▶ **Work item**
Copy each line of the records below that mentions the word "name".

[Data shown — start]

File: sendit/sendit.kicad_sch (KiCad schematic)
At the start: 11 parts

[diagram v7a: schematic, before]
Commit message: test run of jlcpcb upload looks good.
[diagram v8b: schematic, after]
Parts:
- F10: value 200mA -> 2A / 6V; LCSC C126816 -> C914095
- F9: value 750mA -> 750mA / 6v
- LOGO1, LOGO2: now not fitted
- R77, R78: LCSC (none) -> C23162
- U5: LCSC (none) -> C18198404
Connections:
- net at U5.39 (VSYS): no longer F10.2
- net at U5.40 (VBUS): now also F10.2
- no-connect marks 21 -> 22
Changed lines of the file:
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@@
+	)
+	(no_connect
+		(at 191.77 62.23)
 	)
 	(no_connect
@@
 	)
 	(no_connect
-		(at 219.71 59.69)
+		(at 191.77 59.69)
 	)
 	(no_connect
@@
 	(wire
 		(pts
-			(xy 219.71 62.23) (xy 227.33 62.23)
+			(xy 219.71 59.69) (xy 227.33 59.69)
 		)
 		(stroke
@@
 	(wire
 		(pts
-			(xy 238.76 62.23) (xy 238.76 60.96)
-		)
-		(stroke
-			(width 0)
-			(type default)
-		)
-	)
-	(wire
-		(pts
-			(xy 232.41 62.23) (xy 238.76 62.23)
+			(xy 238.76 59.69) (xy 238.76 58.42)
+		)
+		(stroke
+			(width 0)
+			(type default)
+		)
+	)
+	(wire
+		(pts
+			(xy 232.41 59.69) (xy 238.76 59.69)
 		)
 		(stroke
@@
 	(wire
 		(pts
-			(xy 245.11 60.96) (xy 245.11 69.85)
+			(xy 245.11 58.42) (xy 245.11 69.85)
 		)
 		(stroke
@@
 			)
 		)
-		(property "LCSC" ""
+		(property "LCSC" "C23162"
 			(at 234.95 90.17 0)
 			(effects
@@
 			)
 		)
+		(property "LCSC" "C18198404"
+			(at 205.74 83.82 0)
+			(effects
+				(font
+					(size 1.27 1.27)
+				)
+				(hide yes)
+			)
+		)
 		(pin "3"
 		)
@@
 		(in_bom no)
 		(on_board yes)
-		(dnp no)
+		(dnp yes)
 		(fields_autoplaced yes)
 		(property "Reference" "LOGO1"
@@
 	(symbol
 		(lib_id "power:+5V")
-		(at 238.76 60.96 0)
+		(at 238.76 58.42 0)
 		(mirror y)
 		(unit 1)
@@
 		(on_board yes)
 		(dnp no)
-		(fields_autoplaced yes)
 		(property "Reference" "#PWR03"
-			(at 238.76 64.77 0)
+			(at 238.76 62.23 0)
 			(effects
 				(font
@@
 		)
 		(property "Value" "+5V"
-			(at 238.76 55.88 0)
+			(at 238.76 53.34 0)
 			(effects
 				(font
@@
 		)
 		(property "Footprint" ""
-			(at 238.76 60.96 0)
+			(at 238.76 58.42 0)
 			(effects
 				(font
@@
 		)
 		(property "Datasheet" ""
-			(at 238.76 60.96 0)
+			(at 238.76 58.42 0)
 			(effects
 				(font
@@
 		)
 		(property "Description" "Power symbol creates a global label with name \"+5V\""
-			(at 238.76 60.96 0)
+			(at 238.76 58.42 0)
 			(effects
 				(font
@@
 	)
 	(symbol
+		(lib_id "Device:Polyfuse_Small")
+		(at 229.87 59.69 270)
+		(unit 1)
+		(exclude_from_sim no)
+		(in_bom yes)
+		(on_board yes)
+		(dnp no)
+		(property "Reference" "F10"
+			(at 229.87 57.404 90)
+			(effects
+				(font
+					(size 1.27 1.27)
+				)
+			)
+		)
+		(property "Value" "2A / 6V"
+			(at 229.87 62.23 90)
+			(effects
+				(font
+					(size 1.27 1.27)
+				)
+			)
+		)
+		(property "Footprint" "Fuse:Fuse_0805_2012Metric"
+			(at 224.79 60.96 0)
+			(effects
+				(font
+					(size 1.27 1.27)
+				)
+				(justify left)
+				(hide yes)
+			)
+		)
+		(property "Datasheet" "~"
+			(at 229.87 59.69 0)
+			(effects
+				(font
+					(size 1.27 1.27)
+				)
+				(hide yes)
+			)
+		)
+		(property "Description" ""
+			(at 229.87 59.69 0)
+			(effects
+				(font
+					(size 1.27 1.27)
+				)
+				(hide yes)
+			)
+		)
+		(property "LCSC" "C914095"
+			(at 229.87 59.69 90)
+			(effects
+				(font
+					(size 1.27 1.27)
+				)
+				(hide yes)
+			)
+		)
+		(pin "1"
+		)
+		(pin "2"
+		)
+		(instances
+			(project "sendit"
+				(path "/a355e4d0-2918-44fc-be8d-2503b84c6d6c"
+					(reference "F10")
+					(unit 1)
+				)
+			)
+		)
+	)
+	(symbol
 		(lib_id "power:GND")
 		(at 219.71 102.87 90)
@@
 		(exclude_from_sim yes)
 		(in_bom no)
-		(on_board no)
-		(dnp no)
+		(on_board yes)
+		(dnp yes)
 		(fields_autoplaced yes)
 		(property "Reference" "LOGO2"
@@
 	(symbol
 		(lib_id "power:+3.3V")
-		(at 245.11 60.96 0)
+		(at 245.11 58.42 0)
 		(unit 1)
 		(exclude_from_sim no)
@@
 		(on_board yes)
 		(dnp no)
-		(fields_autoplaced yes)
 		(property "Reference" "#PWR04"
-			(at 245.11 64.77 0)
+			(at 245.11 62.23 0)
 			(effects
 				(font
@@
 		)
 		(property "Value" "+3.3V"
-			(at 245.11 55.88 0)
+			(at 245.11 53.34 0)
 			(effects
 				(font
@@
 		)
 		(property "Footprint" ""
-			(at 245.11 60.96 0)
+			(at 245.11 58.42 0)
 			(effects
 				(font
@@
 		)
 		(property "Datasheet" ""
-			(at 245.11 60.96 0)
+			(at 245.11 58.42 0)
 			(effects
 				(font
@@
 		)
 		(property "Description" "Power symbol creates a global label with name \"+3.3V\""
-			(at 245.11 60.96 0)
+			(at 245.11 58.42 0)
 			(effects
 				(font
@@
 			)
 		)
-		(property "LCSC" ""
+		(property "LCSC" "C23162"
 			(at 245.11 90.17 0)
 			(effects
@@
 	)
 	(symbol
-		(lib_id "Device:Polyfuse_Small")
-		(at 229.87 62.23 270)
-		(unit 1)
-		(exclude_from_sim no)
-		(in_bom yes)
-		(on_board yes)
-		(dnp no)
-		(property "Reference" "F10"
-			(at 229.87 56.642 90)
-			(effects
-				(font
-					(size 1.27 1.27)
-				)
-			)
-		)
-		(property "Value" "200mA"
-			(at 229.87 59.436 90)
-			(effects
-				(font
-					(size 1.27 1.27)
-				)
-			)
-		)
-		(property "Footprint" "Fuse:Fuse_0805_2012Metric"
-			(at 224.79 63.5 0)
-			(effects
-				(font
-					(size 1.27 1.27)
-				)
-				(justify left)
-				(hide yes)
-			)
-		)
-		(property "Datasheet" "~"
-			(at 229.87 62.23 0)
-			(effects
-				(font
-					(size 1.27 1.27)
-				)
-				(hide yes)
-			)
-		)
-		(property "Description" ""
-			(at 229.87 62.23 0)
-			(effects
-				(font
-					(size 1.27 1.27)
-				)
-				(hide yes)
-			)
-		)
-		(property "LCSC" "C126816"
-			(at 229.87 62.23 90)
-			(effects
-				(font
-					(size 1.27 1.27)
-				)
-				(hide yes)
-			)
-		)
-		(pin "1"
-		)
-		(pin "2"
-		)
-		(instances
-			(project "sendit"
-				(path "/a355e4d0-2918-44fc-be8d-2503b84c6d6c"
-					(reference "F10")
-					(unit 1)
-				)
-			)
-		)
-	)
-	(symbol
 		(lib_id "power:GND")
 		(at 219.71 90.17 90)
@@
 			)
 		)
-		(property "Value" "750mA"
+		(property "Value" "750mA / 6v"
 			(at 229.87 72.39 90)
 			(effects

[Data shown — finish]

▶ **Your solution**
 		(property "Description" "Power symbol creates a global label with name \"+5V\""
 		(property "Description" "Power symbol creates a global label with name \"+3.3V\""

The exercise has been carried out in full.